海抜29メートルの防潮堤...女川原発再稼働へ着々 福島民友記者ルポ

総延長約800メートルに及ぶ東北電力女川原発構内の防潮堤。高さは海抜29メートルに達する「巨大な壁」だ=13日午後

 東北電力は13日、再稼働に向けて5月末に安全対策工事を完了した女川原発(宮城県女川町、石巻市)構内や2号機の一部を報道陣に公開した。新たな設備に費やされたのは約11年の年月と約5700億円の工事費。9月ごろの再稼働を見据える原発に入り、現状を取材した。(報道部・多勢ひかる)

 原発と海を隔てる防潮堤。大津波の流入を阻止するため、高さ海抜29メートル、総延長約800メートルの巨大な壁が立ちはだかる。東日本大震災前の敷地の高さは海抜14.8メートルだった。最新の知見による最高水位23.1メートルに十分な余裕を持たせた上、流されたがれきなどが衝突することも想定した。

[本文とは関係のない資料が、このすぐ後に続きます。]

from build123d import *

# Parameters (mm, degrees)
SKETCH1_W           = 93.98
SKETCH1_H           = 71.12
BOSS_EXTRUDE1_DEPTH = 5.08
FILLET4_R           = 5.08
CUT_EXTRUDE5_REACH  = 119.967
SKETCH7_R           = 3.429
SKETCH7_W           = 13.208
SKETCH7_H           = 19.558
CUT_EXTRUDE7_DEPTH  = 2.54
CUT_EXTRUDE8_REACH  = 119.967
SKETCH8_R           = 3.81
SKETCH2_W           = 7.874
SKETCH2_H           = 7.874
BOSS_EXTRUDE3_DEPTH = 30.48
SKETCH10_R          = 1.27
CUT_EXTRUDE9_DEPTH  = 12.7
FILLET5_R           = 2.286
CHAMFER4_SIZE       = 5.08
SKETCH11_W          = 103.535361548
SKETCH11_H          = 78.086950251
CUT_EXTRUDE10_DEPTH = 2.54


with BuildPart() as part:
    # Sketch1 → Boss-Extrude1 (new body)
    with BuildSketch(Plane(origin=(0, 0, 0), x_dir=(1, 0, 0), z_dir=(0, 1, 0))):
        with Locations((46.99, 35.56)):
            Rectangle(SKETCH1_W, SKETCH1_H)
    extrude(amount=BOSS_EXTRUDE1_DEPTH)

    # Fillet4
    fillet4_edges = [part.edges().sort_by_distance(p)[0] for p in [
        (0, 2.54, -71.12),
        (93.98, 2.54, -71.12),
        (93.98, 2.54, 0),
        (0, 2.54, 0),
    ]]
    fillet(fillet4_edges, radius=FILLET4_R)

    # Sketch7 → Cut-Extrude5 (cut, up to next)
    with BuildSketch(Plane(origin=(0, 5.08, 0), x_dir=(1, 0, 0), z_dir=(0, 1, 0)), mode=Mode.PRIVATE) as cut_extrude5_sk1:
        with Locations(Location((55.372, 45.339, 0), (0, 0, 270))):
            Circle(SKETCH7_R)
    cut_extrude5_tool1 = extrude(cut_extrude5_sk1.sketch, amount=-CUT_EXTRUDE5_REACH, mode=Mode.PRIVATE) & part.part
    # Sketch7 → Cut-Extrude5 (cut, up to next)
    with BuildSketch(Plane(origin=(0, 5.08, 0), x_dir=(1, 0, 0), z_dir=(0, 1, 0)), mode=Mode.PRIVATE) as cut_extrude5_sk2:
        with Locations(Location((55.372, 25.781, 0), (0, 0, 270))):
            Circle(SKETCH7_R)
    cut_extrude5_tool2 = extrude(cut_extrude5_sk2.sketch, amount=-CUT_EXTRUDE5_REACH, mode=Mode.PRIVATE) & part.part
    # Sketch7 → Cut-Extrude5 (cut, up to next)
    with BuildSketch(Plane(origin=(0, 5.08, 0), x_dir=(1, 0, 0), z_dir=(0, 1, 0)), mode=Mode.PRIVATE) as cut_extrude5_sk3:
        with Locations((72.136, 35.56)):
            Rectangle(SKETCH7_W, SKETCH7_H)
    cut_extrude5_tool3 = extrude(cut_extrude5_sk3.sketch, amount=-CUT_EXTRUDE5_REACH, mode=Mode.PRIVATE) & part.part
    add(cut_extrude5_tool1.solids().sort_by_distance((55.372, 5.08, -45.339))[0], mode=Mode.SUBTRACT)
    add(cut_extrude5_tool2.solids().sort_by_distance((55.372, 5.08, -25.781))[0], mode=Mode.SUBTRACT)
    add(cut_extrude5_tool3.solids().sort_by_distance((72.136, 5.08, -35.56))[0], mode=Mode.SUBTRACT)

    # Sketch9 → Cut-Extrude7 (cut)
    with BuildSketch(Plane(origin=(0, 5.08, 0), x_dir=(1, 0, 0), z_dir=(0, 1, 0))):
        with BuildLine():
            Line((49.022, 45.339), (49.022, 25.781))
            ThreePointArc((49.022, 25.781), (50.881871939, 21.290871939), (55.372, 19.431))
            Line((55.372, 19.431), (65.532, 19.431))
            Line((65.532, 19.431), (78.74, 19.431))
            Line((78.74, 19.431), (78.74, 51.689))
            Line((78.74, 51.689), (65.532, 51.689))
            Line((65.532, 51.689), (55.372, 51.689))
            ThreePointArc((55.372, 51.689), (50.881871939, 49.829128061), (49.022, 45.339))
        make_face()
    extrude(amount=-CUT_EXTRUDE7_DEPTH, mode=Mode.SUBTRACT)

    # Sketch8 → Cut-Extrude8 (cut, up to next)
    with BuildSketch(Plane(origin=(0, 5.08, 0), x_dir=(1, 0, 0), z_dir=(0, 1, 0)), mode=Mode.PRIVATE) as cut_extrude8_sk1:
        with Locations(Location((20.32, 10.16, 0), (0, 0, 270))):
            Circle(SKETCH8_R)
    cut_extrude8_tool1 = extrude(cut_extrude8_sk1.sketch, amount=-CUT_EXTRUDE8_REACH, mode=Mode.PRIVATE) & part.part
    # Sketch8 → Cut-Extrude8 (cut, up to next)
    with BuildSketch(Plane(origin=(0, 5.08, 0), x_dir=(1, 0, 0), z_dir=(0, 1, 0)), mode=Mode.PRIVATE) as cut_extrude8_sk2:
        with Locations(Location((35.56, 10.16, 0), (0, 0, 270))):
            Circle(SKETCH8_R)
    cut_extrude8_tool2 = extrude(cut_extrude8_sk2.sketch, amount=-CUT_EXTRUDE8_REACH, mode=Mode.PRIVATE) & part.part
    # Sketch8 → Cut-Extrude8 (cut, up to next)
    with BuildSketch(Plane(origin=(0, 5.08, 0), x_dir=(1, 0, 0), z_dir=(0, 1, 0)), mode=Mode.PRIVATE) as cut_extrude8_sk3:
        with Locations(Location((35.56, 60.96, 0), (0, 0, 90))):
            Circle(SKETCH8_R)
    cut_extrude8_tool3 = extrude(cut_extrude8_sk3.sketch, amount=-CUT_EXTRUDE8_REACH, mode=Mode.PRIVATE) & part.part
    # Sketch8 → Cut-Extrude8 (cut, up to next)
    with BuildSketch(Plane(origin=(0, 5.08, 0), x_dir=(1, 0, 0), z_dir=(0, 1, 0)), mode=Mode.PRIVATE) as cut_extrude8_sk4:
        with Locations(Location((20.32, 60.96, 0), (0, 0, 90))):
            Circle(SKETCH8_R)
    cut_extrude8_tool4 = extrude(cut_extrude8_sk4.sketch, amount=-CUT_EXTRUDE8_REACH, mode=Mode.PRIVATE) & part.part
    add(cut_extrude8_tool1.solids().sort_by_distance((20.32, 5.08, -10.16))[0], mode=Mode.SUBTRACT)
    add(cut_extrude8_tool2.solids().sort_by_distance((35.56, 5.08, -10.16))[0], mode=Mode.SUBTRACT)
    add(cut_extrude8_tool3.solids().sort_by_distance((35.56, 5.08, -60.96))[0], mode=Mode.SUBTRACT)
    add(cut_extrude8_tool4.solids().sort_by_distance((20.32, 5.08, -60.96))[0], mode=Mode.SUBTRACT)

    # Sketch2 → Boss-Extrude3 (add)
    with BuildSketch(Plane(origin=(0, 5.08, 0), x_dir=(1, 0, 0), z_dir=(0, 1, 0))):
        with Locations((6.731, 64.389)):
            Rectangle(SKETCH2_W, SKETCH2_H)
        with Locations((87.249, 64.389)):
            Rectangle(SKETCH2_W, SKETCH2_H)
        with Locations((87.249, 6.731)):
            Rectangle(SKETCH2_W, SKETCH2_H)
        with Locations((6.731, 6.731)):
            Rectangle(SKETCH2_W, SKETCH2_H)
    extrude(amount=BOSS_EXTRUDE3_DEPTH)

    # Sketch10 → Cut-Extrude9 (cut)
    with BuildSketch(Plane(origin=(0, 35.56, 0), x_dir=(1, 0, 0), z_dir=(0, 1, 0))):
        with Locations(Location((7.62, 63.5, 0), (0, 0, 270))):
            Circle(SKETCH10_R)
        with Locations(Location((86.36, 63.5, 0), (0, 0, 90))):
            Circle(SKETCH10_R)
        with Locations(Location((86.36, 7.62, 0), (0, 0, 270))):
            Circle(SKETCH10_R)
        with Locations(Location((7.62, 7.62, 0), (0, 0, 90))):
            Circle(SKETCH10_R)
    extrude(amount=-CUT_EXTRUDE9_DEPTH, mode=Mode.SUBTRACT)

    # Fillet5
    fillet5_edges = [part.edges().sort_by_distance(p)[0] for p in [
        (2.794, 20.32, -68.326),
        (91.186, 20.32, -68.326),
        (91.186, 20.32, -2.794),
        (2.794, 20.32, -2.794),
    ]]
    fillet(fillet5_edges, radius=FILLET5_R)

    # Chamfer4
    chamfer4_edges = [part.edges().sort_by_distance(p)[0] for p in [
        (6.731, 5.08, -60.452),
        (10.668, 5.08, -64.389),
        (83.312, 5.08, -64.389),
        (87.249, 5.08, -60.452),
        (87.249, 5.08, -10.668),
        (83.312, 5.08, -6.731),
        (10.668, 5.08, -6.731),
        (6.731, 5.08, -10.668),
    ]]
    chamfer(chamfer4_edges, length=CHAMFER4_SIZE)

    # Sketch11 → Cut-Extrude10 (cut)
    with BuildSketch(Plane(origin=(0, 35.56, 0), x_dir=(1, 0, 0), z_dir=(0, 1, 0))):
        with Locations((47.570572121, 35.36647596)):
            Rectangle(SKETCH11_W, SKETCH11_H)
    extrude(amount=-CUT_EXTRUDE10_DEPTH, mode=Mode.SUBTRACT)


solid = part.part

 2号機の建屋内に入った。少し薄暗い部屋に通されると、いくつものパイプが張り巡らされた中に銀色のタンク3基が確認できた。重大事故時に原子炉格納容器の圧力を下げることで破損を防ぐ「フィルター付きベント」だ。容器内を圧迫する気体を外に放出する際、特殊なフィルターなどを通すことで粒子状の放射性物質の放出量を千分の1程度に抑えるという。気体は建屋の屋上から放出される。

東北電力が報道公開した2号機内の「フィルター付きベント」。パイプが張り巡らされた中に銀色のタンク3基が確認できた(代表撮影)

 原子炉の冷却機能が失われた場合に蒸気の力で注水を行う高圧ポンプや、津波で取水路などから湧き上がった海水が敷地内に流れ込むのを防ぐ防潮壁なども公開された。

 敷地内では、忙しそうに動き回る作業員らと幾度も擦れ違った。約13年ぶりとなる再稼働のため、技術系社員約500人のうち4割ほどは運転経験がない。設備面の工事は完了したが、社員のスキル向上が不可欠となる。東北電は運転シミュレーターなどを使って訓練を進める考えだ。

 阿部正信所長は「安全対策に終わりはなく、再稼働に全力を尽くしていく」と強調した。再稼働を目指す中、今後も徹底した安全管理と住民への丁寧な説明が求められる。